Книги

Женщины Льва Толстого. В творчестве и в жизни

22
18
20
22
24
26
28
30

25 июля – снова рассказ о визите в Судаково: «[…] После обеда поехал с Натальей Петровной к Валерии. В первый раз застал ее без платьев, как говорит Сережа. Она в 10 раз лучше – главное, естественна. Закладывала волосы за уши, поняв, что это мне нравится. Сердилась на меня [?]. Кажется, она деятельно любящая натура. Провел вечер счастливо».

Некоторые авторы прочитали «застал ее без платьев» дословно и по этому поводу выстроили даже весьма откровенные предположения. Но повесть «Семейное счастье» вполне объясняет эту фразу:

«В конце мая Сергей Михайлыч, как и обещал, вернулся из своей поездки.

В первый раз он приехал вечером, когда мы совсем не ожидали его. Мы сидели на террасе и собирались пить чай. […] У нас на террасе, на белой скатерти, блестел и кипел светловычищенный самовар, стояли сливки, крендельки, печенья. […]. На мне была холстинковая блуза с открытыми рукавами, и голова была повязана платком по мокрым волосам. Катя первая, еще через окно, увидала его.
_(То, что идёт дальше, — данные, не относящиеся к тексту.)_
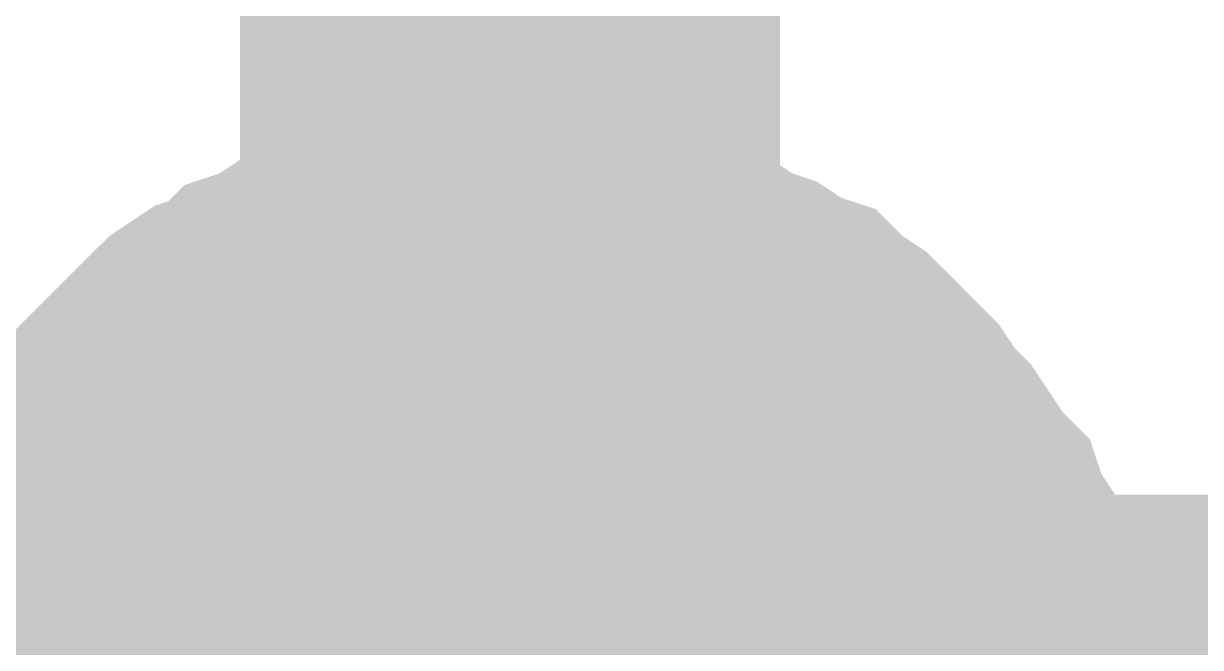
# Model space of a CAD drawing. Header units: inches. Extents: x 0 to 841, y 0 to 594.
# Drawn here: x 191.845 to 193.478, y 422.653 to 423.52 of the extents above; entities that cross this region are included whole.
import ezdxf

# ---------------------------------------------------------------- set-up
doc = ezdxf.new("R2010")
doc.units = ezdxf.units.IN
doc.layers.add('Sheet', color=255, linetype='Continuous')

msp = doc.modelspace()

# ---------------------------------------------------------------- linework, layer by layer
at = {"layer": 'Sheet'}
for points in [[(147.5253, 417.4934, 0.7493, 0.7493, 0), (142.5173, 417.4934, 0.7493, 0.7493, 0), (142.5173, 435.0003, 0.7493, 0.7493, 0), (192.5196, 435.0003, 0.7493, 0.7493, 0), (192.5196, 422.4906, 0.7493, 0.7493, 0), (187.5227, 422.4906, 0.7493, 0.7493, 0)], [(191.756, 422.4906, 0.2997, 0.2997, 0), (191.756, 422.5355, 0.2997, 0.2997, 0), (191.756, 422.5692, 0.2997, 0.2997, 0), (191.7672, 422.6029, 0.2997, 0.2997, 0), (191.7672, 422.6478, 0.2997, 0.2997, 0), (191.7785, 422.6815, 0.2997, 0.2997, 0), (191.7897, 422.7152, 0.2997, 0.2997, 0), (191.8009, 422.7601, 0.2997, 0.2997, 0), (191.8121, 422.7938, 0.2997, 0.2997, 0), (191.8346, 422.8275, 0.2997, 0.2997, 0), (191.8458, 422.8612, 0.2997, 0.2997, 0), (191.8683, 422.8836, 0.2997, 0.2997, 0), (191.8795, 422.9173, 0.2997, 0.2997, 0), (191.902, 422.951, 0.2997, 0.2997, 0), (191.9244, 422.9735, 0.2997, 0.2997, 0), (191.9581, 423.0071, 0.2997, 0.2997, 0), (191.9806, 423.0296, 0.2997, 0.2997, 0), (192.003, 423.0521, 0.2997, 0.2997, 0), (192.0367, 423.0858, 0.2997, 0.2997, 0), (192.0592, 423.1082, 0.2997, 0.2997, 0), (192.0929, 423.1307, 0.2997, 0.2997, 0), (192.1265, 423.1419, 0.2997, 0.2997, 0), (192.149, 423.1644, 0.2997, 0.2997, 0), (192.1827, 423.1756, 0.2997, 0.2997, 0), (192.2164, 423.198, 0.2997, 0.2997, 0), (192.2501, 423.2093, 0.2997, 0.2997, 0), (192.295, 423.2205, 0.2997, 0.2997, 0), (192.3287, 423.2317, 0.2997, 0.2997, 0), (192.3624, 423.243, 0.2997, 0.2997, 0), (192.4073, 423.243, 0.2997, 0.2997, 0), (192.441, 423.2542, 0.2997, 0.2997, 0), (192.4746, 423.2542, 0.2997, 0.2997, 0), (192.5196, 423.2542, 0.2997, 0.2997, 0)], [(191.756, 422.4906, 0.2997, 0.2997, 0), (191.756, 422.5355, 0.2997, 0.2997, 0), (191.756, 422.5692, 0.2997, 0.2997, 0), (191.7672, 422.6029, 0.2997, 0.2997, 0), (191.7672, 422.6478, 0.2997, 0.2997, 0), (191.7785, 422.6815, 0.2997, 0.2997, 0), (191.7897, 422.7152, 0.2997, 0.2997, 0), (191.8009, 422.7601, 0.2997, 0.2997, 0), (191.8121, 422.7938, 0.2997, 0.2997, 0), (191.8346, 422.8275, 0.2997, 0.2997, 0), (191.8458, 422.8612, 0.2997, 0.2997, 0), (191.8683, 422.8836, 0.2997, 0.2997, 0), (191.8795, 422.9173, 0.2997, 0.2997, 0), (191.902, 422.951, 0.2997, 0.2997, 0), (191.9244, 422.9735, 0.2997, 0.2997, 0), (191.9581, 423.0071, 0.2997, 0.2997, 0), (191.9806, 423.0296, 0.2997, 0.2997, 0), (192.003, 423.0521, 0.2997, 0.2997, 0), (192.0367, 423.0858, 0.2997, 0.2997, 0), (192.0592, 423.1082, 0.2997, 0.2997, 0), (192.0929, 423.1307, 0.2997, 0.2997, 0), (192.1265, 423.1419, 0.2997, 0.2997, 0), (192.149, 423.1644, 0.2997, 0.2997, 0), (192.1827, 423.1756, 0.2997, 0.2997, 0), (192.2164, 423.198, 0.2997, 0.2997, 0), (192.2501, 423.2093, 0.2997, 0.2997, 0), (192.295, 423.2205, 0.2997, 0.2997, 0), (192.3287, 423.2317, 0.2997, 0.2997, 0), (192.3624, 423.243, 0.2997, 0.2997, 0), (192.4073, 423.243, 0.2997, 0.2997, 0), (192.441, 423.2542, 0.2997, 0.2997, 0), (192.4746, 423.2542, 0.2997, 0.2997, 0), (192.5196, 423.2542, 0.2997, 0.2997, 0)], [(191.756, 422.4906, 0.2997, 0.2997, 0), (191.756, 422.5355, 0.2997, 0.2997, 0), (191.756, 422.5692, 0.2997, 0.2997, 0), (191.7672, 422.6029, 0.2997, 0.2997, 0), (191.7672, 422.6478, 0.2997, 0.2997, 0), (191.7785, 422.6815, 0.2997, 0.2997, 0), (191.7897, 422.7152, 0.2997, 0.2997, 0), (191.8009, 422.7601, 0.2997, 0.2997, 0), (191.8121, 422.7938, 0.2997, 0.2997, 0), (191.8346, 422.8275, 0.2997, 0.2997, 0), (191.8458, 422.8612, 0.2997, 0.2997, 0), (191.8683, 422.8836, 0.2997, 0.2997, 0), (191.8795, 422.9173, 0.2997, 0.2997, 0), (191.902, 422.951, 0.2997, 0.2997, 0), (191.9244, 422.9735, 0.2997, 0.2997, 0), (191.9581, 423.0071, 0.2997, 0.2997, 0), (191.9806, 423.0296, 0.2997, 0.2997, 0), (192.003, 423.0521, 0.2997, 0.2997, 0), (192.0367, 423.0858, 0.2997, 0.2997, 0), (192.0592, 423.1082, 0.2997, 0.2997, 0), (192.0929, 423.1307, 0.2997, 0.2997, 0), (192.1265, 423.1419, 0.2997, 0.2997, 0), (192.149, 423.1644, 0.2997, 0.2997, 0), (192.1827, 423.1756, 0.2997, 0.2997, 0), (192.2164, 423.198, 0.2997, 0.2997, 0), (192.2501, 423.2093, 0.2997, 0.2997, 0), (192.295, 423.2205, 0.2997, 0.2997, 0), (192.3287, 423.2317, 0.2997, 0.2997, 0), (192.3624, 423.243, 0.2997, 0.2997, 0), (192.4073, 423.243, 0.2997, 0.2997, 0), (192.441, 423.2542, 0.2997, 0.2997, 0), (192.4746, 423.2542, 0.2997, 0.2997, 0), (192.5196, 423.2542, 0.2997, 0.2997, 0)], [(192.5196, 423.2542, 0.2997, 0.2997, 0), (192.5196, 423.2542, 0.2997, 0.2997, 0)], [(192.5196, 423.2542, 0.2997, 0.2997, 0), (192.5532, 423.2542, 0.2997, 0.2997, 0), (192.5982, 423.2542, 0.2997, 0.2997, 0), (192.6318, 423.243, 0.2997, 0.2997, 0), (192.6768, 423.243, 0.2997, 0.2997, 0), (192.7105, 423.2317, 0.2997, 0.2997, 0), (192.7441, 423.2205, 0.2997, 0.2997, 0), (192.7778, 423.2093, 0.2997, 0.2997, 0), (192.8115, 423.198, 0.2997, 0.2997, 0), (192.8452, 423.1756, 0.2997, 0.2997, 0), (192.8789, 423.1644, 0.2997, 0.2997, 0), (192.9126, 423.1419, 0.2997, 0.2997, 0), (192.9463, 423.1307, 0.2997, 0.2997, 0), (192.9687, 423.1082, 0.2997, 0.2997, 0), (193.0024, 423.0858, 0.2997, 0.2997, 0), (193.0361, 423.0521, 0.2997, 0.2997, 0), (193.0585, 423.0296, 0.2997, 0.2997, 0), (193.081, 423.0071, 0.2997, 0.2997, 0), (193.1035, 422.9735, 0.2997, 0.2997, 0), (193.1259, 422.951, 0.2997, 0.2997, 0), (193.1484, 422.9173, 0.2997, 0.2997, 0), (193.1708, 422.8836, 0.2997, 0.2997, 0), (193.1933, 422.8612, 0.2997, 0.2997, 0), (193.2045, 422.8275, 0.2997, 0.2997, 0), (193.227, 422.7938, 0.2997, 0.2997, 0), (193.2382, 422.7601, 0.2997, 0.2997, 0), (193.2494, 422.7152, 0.2997, 0.2997, 0), (193.2607, 422.6815, 0.2997, 0.2997, 0), (193.2719, 422.6478, 0.2997, 0.2997, 0), (193.2719, 422.6029, 0.2997, 0.2997, 0), (193.2831, 422.5692, 0.2997, 0.2997, 0), (193.2831, 422.5355, 0.2997, 0.2997, 0), (193.2831, 422.4906, 0.2997, 0.2997, 0)], [(192.5196, 423.2542, 0.2997, 0.2997, 0), (192.5196, 423.2542, 0.2997, 0.2997, 0)], [(192.5196, 423.2542, 0.2997, 0.2997, 0), (192.5532, 423.2542, 0.2997, 0.2997, 0), (192.5982, 423.2542, 0.2997, 0.2997, 0), (192.6318, 423.243, 0.2997, 0.2997, 0), (192.6768, 423.243, 0.2997, 0.2997, 0), (192.7105, 423.2317, 0.2997, 0.2997, 0), (192.7441, 423.2205, 0.2997, 0.2997, 0), (192.7778, 423.2093, 0.2997, 0.2997, 0), (192.8115, 423.198, 0.2997, 0.2997, 0), (192.8452, 423.1756, 0.2997, 0.2997, 0), (192.8789, 423.1644, 0.2997, 0.2997, 0), (192.9126, 423.1419, 0.2997, 0.2997, 0), (192.9463, 423.1307, 0.2997, 0.2997, 0), (192.9687, 423.1082, 0.2997, 0.2997, 0), (193.0024, 423.0858, 0.2997, 0.2997, 0), (193.0361, 423.0521, 0.2997, 0.2997, 0), (193.0585, 423.0296, 0.2997, 0.2997, 0), (193.081, 423.0071, 0.2997, 0.2997, 0), (193.1035, 422.9735, 0.2997, 0.2997, 0), (193.1259, 422.951, 0.2997, 0.2997, 0), (193.1484, 422.9173, 0.2997, 0.2997, 0), (193.1708, 422.8836, 0.2997, 0.2997, 0), (193.1933, 422.8612, 0.2997, 0.2997, 0), (193.2045, 422.8275, 0.2997, 0.2997, 0), (193.227, 422.7938, 0.2997, 0.2997, 0), (193.2382, 422.7601, 0.2997, 0.2997, 0), (193.2494, 422.7152, 0.2997, 0.2997, 0), (193.2607, 422.6815, 0.2997, 0.2997, 0), (193.2719, 422.6478, 0.2997, 0.2997, 0), (193.2719, 422.6029, 0.2997, 0.2997, 0), (193.2831, 422.5692, 0.2997, 0.2997, 0), (193.2831, 422.5355, 0.2997, 0.2997, 0), (193.2831, 422.4906, 0.2997, 0.2997, 0)], [(192.5196, 423.2542, 0.2997, 0.2997, 0), (192.5196, 423.2542, 0.2997, 0.2997, 0)], [(192.5196, 423.2542, 0.2997, 0.2997, 0), (192.5532, 423.2542, 0.2997, 0.2997, 0), (192.5982, 423.2542, 0.2997, 0.2997, 0), (192.6318, 423.243, 0.2997, 0.2997, 0), (192.6768, 423.243, 0.2997, 0.2997, 0), (192.7105, 423.2317, 0.2997, 0.2997, 0), (192.7441, 423.2205, 0.2997, 0.2997, 0), (192.7778, 423.2093, 0.2997, 0.2997, 0), (192.8115, 423.198, 0.2997, 0.2997, 0), (192.8452, 423.1756, 0.2997, 0.2997, 0), (192.8789, 423.1644, 0.2997, 0.2997, 0), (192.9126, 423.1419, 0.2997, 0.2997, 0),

– А! Сергей Михайлыч! – проговорила она. – А мы только что про вас говорили.

Я встала и хотела уйти, чтобы переодеться, но он застал меня в то время, как я была уже в дверях.

– Ну, что за церемонии в деревне, – сказал он, глядя на мою голову в платке и улыбаясь, – ведь вам не совестно Григория, а я, право, для вас Григорий. – Но именно теперь мне показалось, что он смотрит на меня совсем не так, как мог смотреть Григорий, и мне стало неловко.

– Я сейчас приду, – сказала я, уходя от него.

– Чем же это дурно? – прокричал он мне вслед. – Точно молодайка крестьянская.

“Как он странно посмотрел на меня, – думала я, торопливо переодеваясь наверху. – Ну, слава богу, что он приехал, веселей будет!” И, посмотревшись в зеркало, весело сбежала вниз по лестнице и, не скрывая того, что торопилась, запыхавшись вошла на террасу. Он сидел за столом и рассказывал Кате про наши дела. Взглянув на меня, он улыбнулся и продолжал говорить…».

28 июля: «[…] поехал к Арсеньевым, которые звали. Странно, что Валерия начинает мне нравиться, как женщина, тогда как прежде, как женщина именно, она была мне отвратительна. Но и то не всегда, а когда я настроюсь. Вчера я в первый раз заметил ее bras (плечи), которые прежде мне были отвратительны».

А ведь очень важно, чтобы нравилось все… И, конечно, плечи, и руки. Но тут не складывалось. А все же полностью отказаться от ухаживаний пока не готов.

30 июля – новый поворот во время визита в Судаково: «… Валерию и Mlle Vergani застал в слезах, письмо от Ольги, будто выходит замуж». Вполне понятно, почему в слезах. Жених вроде как ездит, а замуж не зовет. Толстой вполне понял это. И отношение к событию таковому выразил иными несколько словами: «Валерия совсем в неглиже. Не понравилась очень. И говорила глупо, что Дэвид Копперфильд много перенес несчастий и т. п. Дома… с тетенькой Полиной мы сердиты друг на друга. Я спорил о слабости женщин…». Вот ведь и в оценке литературы несходство понятий. Да ведь Валерия, как увидим дальше, не слишком дружна с книгой…

31 июля события были связаны с замужеством Ольги. Из разговоров в тот день единственный вывод: «Валерия, кажется, просто глупа…». Глупой она представлялась Толстому и на следующий день. Тем не менее 9 августа он снова проявил интерес, когда Арсеньевы приехали к нему в гости, но и тут вывод для барышни неутешительный: «Валерия была в конфузном состоянии духа и жестоко аффектирована, и глупа» и далее: «Валерия возбуждала во мне все одно чувство любознательности и признательности».

Наконец, Валерия заговорила на темы брака. Что она говорила, не указано в дневнике. Но вывод противоположный прежним: «…она не глупа и необыкновенно добра».

Не указан разговор в дневнике, но зато раскрыт довольно подробно в «Семейном счастье»:

«– Что вы не женитесь? – сказала Катя. – Вы бы отличный муж были.

– Оттого, что я люблю сидеть, – засмеялся он. – Нет, Катерина Карловна, нам с вами уж не жениться. На меня уж давно все перестали смотреть, как на человека, которого женить можно. А я сам и подавно, и с тех пор мне так хорошо стало, право.

Мне показалось, что он как-то неестественно-увлекательно говорит это.

– Вот хорошо! Тридцать шесть лет, уж и отжил, – сказала Катя».